Your output should be the complete listing, word for word, with no pictures in it.

*-*-*

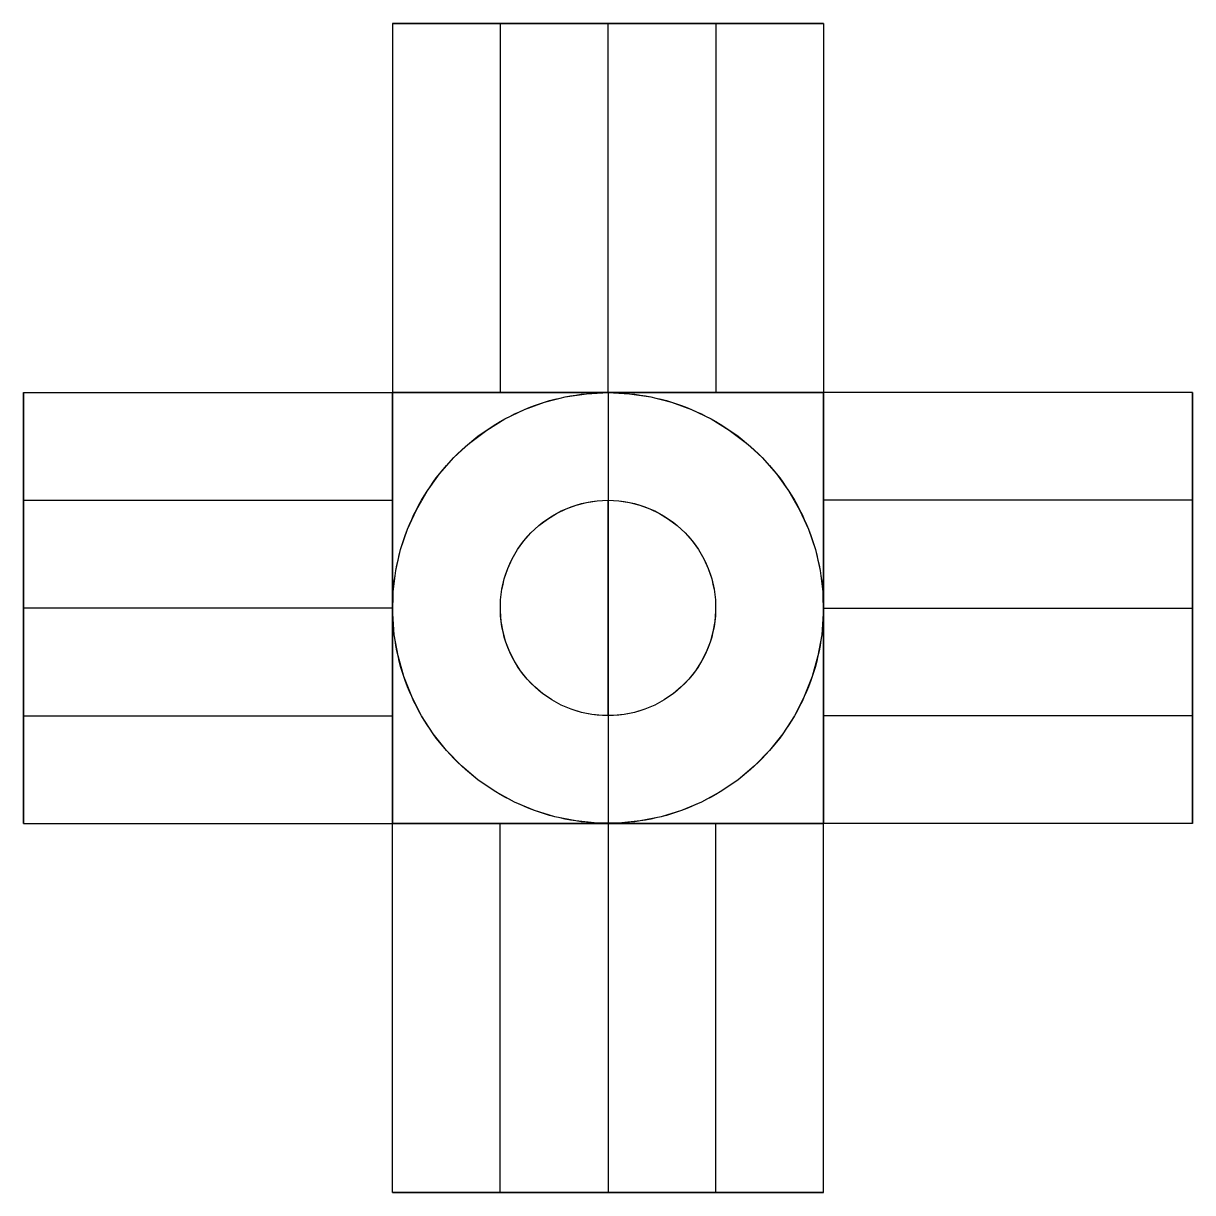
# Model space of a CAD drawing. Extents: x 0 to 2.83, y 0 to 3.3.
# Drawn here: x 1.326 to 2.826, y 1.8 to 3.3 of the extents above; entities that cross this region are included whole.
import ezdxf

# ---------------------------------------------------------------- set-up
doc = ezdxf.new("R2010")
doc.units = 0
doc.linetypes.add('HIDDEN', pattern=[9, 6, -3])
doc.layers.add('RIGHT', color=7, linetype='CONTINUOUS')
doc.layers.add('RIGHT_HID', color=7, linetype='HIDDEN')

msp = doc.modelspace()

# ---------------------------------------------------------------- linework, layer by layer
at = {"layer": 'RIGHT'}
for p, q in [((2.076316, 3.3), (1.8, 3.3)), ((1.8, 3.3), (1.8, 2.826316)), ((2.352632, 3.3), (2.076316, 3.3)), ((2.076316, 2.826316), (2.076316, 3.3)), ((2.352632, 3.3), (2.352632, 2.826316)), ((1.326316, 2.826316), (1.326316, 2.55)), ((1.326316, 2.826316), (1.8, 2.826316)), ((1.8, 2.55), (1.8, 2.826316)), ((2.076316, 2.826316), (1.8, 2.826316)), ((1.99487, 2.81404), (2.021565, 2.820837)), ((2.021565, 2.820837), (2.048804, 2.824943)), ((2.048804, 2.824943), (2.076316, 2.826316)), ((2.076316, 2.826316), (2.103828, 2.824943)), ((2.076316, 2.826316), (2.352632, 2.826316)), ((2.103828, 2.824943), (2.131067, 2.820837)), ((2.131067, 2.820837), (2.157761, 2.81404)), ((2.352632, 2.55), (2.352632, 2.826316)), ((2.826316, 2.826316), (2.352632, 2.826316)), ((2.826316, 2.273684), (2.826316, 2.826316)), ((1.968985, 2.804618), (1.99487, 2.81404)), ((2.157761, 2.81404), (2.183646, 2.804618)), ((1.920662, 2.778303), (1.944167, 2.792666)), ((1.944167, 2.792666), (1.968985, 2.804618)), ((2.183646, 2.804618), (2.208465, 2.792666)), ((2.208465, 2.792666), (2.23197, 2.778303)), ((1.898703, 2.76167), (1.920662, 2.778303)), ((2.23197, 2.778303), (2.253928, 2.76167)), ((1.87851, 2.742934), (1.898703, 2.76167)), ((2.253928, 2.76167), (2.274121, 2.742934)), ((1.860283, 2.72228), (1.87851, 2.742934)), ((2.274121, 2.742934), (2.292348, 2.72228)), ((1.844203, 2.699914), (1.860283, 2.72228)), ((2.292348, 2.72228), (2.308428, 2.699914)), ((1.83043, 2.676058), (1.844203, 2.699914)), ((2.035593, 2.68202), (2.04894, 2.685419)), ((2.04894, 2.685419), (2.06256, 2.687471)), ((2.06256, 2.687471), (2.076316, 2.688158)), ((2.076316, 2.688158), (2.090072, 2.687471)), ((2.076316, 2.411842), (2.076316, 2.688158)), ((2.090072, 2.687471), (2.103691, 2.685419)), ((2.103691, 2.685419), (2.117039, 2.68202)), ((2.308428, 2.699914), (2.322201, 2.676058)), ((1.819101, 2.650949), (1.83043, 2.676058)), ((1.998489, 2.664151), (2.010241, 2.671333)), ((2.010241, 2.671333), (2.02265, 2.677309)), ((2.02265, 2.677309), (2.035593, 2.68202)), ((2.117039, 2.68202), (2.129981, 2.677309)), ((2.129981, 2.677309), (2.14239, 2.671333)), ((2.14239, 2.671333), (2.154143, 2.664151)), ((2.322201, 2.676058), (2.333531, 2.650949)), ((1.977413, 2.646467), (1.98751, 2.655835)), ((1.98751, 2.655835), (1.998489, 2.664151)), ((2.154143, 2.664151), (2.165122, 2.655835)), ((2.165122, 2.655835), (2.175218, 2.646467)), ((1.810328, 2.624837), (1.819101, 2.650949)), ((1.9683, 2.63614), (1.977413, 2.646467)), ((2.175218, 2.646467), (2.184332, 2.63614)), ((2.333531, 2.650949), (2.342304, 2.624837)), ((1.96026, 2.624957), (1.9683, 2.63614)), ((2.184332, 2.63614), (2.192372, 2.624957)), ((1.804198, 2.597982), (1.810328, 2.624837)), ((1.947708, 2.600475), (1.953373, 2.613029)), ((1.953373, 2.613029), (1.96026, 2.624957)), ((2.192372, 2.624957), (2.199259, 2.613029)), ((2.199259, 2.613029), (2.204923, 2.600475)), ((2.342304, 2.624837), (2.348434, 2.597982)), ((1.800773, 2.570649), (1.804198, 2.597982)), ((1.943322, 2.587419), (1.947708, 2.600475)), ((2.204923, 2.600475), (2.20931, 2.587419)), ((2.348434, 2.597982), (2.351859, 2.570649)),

*-*-*

- [Answer box]
# Model space of a CAD drawing. Extents: x 0 to 2.83, y 0 to 3.3.
# Drawn here: x 1.326 to 2.826, y 1.8 to 3.3 of the extents above; entities that cross this region are included whole.
import ezdxf

# ---------------------------------------------------------------- set-up
doc = ezdxf.new("R2010")
doc.units = 0
doc.linetypes.add('HIDDEN', pattern=[9, 6, -3])
doc.layers.add('RIGHT', color=7, linetype='CONTINUOUS')
doc.layers.add('RIGHT_HID', color=7, linetype='HIDDEN')

msp = doc.modelspace()

# ---------------------------------------------------------------- linework, layer by layer
at = {"layer": 'RIGHT'}
for p, q in [((2.076316, 3.3), (1.8, 3.3)), ((1.8, 3.3), (1.8, 2.826316)), ((2.352632, 3.3), (2.076316, 3.3)), ((2.076316, 2.826316), (2.076316, 3.3)), ((2.352632, 3.3), (2.352632, 2.826316)), ((1.326316, 2.826316), (1.326316, 2.55)), ((1.326316, 2.826316), (1.8, 2.826316)), ((1.8, 2.55), (1.8, 2.826316)), ((2.076316, 2.826316), (1.8, 2.826316)), ((1.99487, 2.81404), (2.021565, 2.820837)), ((2.021565, 2.820837), (2.048804, 2.824943)), ((2.048804, 2.824943), (2.076316, 2.826316)), ((2.076316, 2.826316), (2.103828, 2.824943)), ((2.076316, 2.826316), (2.352632, 2.826316)), ((2.103828, 2.824943), (2.131067, 2.820837)), ((2.131067, 2.820837), (2.157761, 2.81404)), ((2.352632, 2.55), (2.352632, 2.826316)), ((2.826316, 2.826316), (2.352632, 2.826316)), ((2.826316, 2.273684), (2.826316, 2.826316)), ((1.968985, 2.804618), (1.99487, 2.81404)), ((2.157761, 2.81404), (2.183646, 2.804618)), ((1.920662, 2.778303), (1.944167, 2.792666)), ((1.944167, 2.792666), (1.968985, 2.804618)), ((2.183646, 2.804618), (2.208465, 2.792666)), ((2.208465, 2.792666), (2.23197, 2.778303)), ((1.898703, 2.76167), (1.920662, 2.778303)), ((2.23197, 2.778303), (2.253928, 2.76167)), ((1.87851, 2.742934), (1.898703, 2.76167)), ((2.253928, 2.76167), (2.274121, 2.742934)), ((1.860283, 2.72228), (1.87851, 2.742934)), ((2.274121, 2.742934), (2.292348, 2.72228)), ((1.844203, 2.699914), (1.860283, 2.72228)), ((2.292348, 2.72228), (2.308428, 2.699914)), ((1.83043, 2.676058), (1.844203, 2.699914)), ((2.035593, 2.68202), (2.04894, 2.685419)), ((2.04894, 2.685419), (2.06256, 2.687471)), ((2.06256, 2.687471), (2.076316, 2.688158)), ((2.076316, 2.688158), (2.090072, 2.687471)), ((2.076316, 2.411842), (2.076316, 2.688158)), ((2.090072, 2.687471), (2.103691, 2.685419)), ((2.103691, 2.685419), (2.117039, 2.68202)), ((2.308428, 2.699914), (2.322201, 2.676058)), ((1.819101, 2.650949), (1.83043, 2.676058)), ((1.998489, 2.664151), (2.010241, 2.671333)), ((2.010241, 2.671333), (2.02265, 2.677309)), ((2.02265, 2.677309), (2.035593, 2.68202)), ((2.117039, 2.68202), (2.129981, 2.677309)), ((2.129981, 2.677309), (2.14239, 2.671333)), ((2.14239, 2.671333), (2.154143, 2.664151)), ((2.322201, 2.676058), (2.333531, 2.650949)), ((1.977413, 2.646467), (1.98751, 2.655835)), ((1.98751, 2.655835), (1.998489, 2.664151)), ((2.154143, 2.664151), (2.165122, 2.655835)), ((2.165122, 2.655835), (2.175218, 2.646467)), ((1.810328, 2.624837), (1.819101, 2.650949)), ((1.9683, 2.63614), (1.977413, 2.646467)), ((2.175218, 2.646467), (2.184332, 2.63614)), ((2.333531, 2.650949), (2.342304, 2.624837)), ((1.96026, 2.624957), (1.9683, 2.63614)), ((2.184332, 2.63614), (2.192372, 2.624957)), ((1.804198, 2.597982), (1.810328, 2.624837)), ((1.947708, 2.600475), (1.953373, 2.613029)), ((1.953373, 2.613029), (1.96026, 2.624957)), ((2.192372, 2.624957), (2.199259, 2.613029)), ((2.199259, 2.613029), (2.204923, 2.600475)), ((2.342304, 2.624837), (2.348434, 2.597982)), ((1.800773, 2.570649), (1.804198, 2.597982)), ((1.943322, 2.587419), (1.947708, 2.600475)), ((2.204923, 2.600475), (2.20931, 2.587419)), ((2.348434, 2.597982), (2.351859, 2.570649)),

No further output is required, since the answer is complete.